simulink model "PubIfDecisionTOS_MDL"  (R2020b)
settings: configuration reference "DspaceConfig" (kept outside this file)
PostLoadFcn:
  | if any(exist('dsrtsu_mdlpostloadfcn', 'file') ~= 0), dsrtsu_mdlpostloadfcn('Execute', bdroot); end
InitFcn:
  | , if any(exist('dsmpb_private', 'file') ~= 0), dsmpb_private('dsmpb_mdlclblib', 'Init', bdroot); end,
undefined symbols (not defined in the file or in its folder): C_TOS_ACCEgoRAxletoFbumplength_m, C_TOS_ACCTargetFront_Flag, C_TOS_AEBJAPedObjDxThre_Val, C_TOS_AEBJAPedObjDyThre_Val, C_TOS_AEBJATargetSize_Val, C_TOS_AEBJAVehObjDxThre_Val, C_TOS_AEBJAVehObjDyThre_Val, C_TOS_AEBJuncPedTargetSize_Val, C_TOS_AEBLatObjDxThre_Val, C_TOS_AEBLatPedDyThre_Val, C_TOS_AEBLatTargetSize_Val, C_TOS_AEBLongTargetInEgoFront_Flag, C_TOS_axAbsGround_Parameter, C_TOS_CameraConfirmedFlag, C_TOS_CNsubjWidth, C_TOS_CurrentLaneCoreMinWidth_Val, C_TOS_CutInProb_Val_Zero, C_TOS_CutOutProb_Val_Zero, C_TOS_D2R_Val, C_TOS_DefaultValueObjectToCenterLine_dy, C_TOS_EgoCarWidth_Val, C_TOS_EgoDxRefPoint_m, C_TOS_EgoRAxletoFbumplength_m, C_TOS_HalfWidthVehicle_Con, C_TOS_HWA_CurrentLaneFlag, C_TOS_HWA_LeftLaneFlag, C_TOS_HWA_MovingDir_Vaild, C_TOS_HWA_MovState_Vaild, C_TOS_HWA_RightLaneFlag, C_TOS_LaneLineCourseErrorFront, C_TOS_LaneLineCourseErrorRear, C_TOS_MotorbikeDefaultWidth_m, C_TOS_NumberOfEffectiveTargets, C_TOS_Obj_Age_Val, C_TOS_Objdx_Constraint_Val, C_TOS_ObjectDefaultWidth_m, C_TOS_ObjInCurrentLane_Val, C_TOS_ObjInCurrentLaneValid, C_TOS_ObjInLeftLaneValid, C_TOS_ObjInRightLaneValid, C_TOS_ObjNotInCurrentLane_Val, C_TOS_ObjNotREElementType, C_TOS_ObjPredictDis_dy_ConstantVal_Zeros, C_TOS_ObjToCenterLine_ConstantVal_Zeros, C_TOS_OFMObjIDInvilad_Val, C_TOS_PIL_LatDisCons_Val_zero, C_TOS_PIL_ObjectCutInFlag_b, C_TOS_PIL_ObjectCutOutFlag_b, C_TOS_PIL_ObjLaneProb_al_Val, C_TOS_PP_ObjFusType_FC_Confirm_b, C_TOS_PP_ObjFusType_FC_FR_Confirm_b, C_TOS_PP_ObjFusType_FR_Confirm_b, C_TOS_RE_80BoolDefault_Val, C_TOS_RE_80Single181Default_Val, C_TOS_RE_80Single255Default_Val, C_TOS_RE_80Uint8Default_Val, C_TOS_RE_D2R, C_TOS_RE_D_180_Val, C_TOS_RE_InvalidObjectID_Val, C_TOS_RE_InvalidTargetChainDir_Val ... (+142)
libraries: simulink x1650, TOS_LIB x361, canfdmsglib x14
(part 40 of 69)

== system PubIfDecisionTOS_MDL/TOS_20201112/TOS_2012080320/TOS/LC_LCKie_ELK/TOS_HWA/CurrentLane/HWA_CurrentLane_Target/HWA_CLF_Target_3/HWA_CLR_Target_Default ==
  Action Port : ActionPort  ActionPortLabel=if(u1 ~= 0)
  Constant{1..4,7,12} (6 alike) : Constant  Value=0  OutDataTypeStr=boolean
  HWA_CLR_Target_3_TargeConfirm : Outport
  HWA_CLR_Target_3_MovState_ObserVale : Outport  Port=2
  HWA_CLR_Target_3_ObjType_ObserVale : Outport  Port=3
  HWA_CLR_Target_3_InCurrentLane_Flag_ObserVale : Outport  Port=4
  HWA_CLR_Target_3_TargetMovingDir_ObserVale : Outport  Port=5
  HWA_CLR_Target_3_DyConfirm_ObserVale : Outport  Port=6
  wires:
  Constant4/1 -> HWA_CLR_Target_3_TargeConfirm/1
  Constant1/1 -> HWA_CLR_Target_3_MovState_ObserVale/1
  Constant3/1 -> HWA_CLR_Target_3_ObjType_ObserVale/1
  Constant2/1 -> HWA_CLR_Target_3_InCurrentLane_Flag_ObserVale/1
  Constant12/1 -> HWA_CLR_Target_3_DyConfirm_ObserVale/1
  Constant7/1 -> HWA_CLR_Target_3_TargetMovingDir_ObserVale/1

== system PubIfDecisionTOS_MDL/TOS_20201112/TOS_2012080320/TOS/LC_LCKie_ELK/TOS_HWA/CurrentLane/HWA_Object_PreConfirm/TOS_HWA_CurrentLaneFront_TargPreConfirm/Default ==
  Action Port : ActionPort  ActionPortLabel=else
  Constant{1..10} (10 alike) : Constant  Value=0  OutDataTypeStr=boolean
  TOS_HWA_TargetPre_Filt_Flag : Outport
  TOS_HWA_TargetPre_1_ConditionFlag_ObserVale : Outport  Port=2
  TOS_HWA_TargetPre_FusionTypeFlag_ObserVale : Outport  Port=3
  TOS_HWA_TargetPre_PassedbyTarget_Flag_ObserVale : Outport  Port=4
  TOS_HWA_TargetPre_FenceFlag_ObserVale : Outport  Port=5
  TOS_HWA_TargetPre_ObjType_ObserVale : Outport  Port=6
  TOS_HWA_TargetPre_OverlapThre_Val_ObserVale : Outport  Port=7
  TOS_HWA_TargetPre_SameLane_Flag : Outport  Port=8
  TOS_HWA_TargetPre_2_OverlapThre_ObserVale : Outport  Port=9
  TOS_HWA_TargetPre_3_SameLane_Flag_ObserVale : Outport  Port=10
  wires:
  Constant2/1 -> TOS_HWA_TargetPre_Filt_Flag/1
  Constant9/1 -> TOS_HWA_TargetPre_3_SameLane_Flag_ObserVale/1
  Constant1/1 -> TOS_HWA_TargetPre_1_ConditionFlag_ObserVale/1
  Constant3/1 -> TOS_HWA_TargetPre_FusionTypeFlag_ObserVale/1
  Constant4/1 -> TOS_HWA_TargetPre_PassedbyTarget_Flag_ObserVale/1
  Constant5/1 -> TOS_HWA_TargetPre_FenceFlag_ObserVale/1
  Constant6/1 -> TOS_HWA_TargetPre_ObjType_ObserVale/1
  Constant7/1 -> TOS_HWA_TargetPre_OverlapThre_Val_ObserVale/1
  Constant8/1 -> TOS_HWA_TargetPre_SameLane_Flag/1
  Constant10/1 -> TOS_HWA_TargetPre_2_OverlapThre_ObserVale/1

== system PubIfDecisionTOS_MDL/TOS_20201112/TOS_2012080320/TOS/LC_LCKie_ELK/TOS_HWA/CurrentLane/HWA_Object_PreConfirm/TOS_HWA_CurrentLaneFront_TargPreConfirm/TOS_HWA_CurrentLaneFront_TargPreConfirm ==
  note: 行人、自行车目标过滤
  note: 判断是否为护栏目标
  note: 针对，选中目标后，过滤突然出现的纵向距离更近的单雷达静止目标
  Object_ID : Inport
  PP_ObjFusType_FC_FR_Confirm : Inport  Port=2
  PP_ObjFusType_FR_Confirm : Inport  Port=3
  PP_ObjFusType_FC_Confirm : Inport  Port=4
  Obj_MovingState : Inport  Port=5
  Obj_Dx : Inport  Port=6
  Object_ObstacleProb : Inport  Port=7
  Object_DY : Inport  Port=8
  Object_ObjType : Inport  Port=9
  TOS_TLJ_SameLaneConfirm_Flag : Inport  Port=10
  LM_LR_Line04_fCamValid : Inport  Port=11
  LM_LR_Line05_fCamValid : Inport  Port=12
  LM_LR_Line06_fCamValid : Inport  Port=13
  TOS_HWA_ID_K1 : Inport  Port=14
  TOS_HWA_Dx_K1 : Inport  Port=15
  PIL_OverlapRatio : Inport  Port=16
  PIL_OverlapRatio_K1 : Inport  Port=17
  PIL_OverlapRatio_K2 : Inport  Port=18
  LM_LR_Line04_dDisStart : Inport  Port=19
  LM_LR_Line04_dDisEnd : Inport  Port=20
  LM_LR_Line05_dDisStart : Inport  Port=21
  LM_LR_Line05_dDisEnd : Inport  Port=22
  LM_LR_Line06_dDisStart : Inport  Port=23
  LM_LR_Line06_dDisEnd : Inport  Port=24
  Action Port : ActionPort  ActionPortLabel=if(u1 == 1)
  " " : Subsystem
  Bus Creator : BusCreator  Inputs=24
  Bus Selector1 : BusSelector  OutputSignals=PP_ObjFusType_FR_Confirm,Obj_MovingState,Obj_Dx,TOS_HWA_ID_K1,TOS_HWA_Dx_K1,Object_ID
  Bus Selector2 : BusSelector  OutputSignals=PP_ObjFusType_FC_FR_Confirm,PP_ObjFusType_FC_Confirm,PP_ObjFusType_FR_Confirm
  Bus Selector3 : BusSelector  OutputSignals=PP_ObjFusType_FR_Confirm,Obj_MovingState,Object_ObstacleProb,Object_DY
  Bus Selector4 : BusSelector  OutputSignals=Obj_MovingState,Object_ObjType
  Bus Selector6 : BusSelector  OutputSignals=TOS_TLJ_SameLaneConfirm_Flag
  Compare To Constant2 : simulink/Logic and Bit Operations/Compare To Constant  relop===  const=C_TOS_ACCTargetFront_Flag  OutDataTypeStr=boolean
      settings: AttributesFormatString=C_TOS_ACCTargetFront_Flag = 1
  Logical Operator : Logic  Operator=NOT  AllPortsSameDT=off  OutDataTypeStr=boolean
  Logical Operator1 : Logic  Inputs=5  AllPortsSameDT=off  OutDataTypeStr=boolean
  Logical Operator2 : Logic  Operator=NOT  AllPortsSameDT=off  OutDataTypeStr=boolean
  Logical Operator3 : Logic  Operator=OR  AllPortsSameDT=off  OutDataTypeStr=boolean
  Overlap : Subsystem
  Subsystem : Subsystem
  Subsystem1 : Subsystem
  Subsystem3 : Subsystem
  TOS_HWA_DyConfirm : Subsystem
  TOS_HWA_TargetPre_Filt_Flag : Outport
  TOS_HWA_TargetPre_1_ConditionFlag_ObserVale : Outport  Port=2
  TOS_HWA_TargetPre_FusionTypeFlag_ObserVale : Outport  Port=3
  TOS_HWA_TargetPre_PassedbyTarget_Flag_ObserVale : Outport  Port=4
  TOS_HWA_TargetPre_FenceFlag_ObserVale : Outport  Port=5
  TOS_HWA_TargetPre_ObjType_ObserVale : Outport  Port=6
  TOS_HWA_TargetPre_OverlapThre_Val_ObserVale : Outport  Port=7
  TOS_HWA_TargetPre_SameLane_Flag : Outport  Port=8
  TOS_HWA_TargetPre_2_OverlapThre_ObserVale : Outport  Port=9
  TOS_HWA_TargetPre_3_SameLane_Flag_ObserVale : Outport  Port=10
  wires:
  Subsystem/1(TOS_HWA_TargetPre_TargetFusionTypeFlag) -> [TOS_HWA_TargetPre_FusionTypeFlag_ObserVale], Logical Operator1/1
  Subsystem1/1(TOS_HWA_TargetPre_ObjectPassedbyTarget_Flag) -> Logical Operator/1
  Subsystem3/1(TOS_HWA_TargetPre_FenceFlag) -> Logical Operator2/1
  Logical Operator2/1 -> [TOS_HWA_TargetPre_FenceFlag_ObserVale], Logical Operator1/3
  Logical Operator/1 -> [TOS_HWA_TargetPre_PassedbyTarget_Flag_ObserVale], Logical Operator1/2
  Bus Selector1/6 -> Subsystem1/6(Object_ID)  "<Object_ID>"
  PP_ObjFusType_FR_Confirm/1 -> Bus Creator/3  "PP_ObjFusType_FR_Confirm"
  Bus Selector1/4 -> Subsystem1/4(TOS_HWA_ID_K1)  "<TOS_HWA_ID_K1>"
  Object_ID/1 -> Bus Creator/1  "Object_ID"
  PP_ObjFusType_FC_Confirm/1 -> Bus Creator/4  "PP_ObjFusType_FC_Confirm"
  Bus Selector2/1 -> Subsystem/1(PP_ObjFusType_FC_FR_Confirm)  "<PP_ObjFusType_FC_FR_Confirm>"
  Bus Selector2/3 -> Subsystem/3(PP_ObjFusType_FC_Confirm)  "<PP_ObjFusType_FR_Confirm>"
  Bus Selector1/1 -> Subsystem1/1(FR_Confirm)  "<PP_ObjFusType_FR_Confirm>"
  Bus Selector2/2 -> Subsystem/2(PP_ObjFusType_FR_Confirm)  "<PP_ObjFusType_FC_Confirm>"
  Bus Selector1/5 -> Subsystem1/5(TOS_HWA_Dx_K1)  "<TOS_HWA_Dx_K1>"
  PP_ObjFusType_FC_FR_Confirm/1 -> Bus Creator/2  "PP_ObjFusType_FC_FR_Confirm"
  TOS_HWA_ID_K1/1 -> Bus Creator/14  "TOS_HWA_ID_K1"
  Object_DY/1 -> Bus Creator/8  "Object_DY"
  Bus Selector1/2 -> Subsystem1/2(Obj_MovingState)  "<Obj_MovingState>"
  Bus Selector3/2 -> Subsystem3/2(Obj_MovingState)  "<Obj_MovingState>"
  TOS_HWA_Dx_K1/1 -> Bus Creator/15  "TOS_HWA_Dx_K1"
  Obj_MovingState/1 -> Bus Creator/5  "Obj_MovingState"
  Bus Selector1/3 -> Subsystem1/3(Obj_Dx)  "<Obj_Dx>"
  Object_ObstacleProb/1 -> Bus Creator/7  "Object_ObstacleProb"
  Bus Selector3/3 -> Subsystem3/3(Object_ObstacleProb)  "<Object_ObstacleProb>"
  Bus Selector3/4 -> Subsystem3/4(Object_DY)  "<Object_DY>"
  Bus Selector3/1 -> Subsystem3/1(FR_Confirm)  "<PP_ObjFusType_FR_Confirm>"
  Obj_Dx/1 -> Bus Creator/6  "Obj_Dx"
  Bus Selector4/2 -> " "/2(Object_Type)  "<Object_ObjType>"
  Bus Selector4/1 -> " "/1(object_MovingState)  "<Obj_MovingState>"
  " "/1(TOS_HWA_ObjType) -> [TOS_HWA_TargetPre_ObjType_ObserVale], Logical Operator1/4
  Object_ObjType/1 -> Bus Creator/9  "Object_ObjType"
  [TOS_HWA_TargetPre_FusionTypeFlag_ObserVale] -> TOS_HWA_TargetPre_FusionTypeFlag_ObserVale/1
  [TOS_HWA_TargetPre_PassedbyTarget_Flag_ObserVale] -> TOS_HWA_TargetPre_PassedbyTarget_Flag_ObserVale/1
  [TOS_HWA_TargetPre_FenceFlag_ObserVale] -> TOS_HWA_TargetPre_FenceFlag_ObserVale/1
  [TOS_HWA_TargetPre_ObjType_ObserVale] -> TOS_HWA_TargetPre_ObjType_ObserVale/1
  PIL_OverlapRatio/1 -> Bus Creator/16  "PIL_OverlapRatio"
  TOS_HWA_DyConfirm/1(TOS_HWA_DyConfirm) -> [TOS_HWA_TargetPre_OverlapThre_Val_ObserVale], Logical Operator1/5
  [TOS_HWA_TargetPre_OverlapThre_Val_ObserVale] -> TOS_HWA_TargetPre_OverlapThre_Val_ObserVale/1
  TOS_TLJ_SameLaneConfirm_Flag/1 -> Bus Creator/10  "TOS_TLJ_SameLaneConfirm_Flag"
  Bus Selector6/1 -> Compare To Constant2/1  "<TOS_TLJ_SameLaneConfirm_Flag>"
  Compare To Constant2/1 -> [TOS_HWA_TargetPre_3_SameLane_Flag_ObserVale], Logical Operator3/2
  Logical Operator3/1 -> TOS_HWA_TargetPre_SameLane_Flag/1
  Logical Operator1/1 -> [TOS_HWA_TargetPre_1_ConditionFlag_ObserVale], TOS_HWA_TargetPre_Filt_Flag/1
※ ※ ※
» Your goal
Look through the data above for the word "OutDataTypeStr". Report each line where it occurs.

» Your response
  Constant{1..4,7,12} (6 alike) : Constant  Value=0  OutDataTypeStr=boolean
  Constant{1..10} (10 alike) : Constant  Value=0  OutDataTypeStr=boolean
  Compare To Constant2 : simulink/Logic and Bit Operations/Compare To Constant  relop===  const=C_TOS_ACCTargetFront_Flag  OutDataTypeStr=boolean
  Logical Operator : Logic  Operator=NOT  AllPortsSameDT=off  OutDataTypeStr=boolean
  Logical Operator1 : Logic  Inputs=5  AllPortsSameDT=off  OutDataTypeStr=boolean
  Logical Operator2 : Logic  Operator=NOT  AllPortsSameDT=off  OutDataTypeStr=boolean
  Logical Operator3 : Logic  Operator=OR  AllPortsSameDT=off  OutDataTypeStr=boolean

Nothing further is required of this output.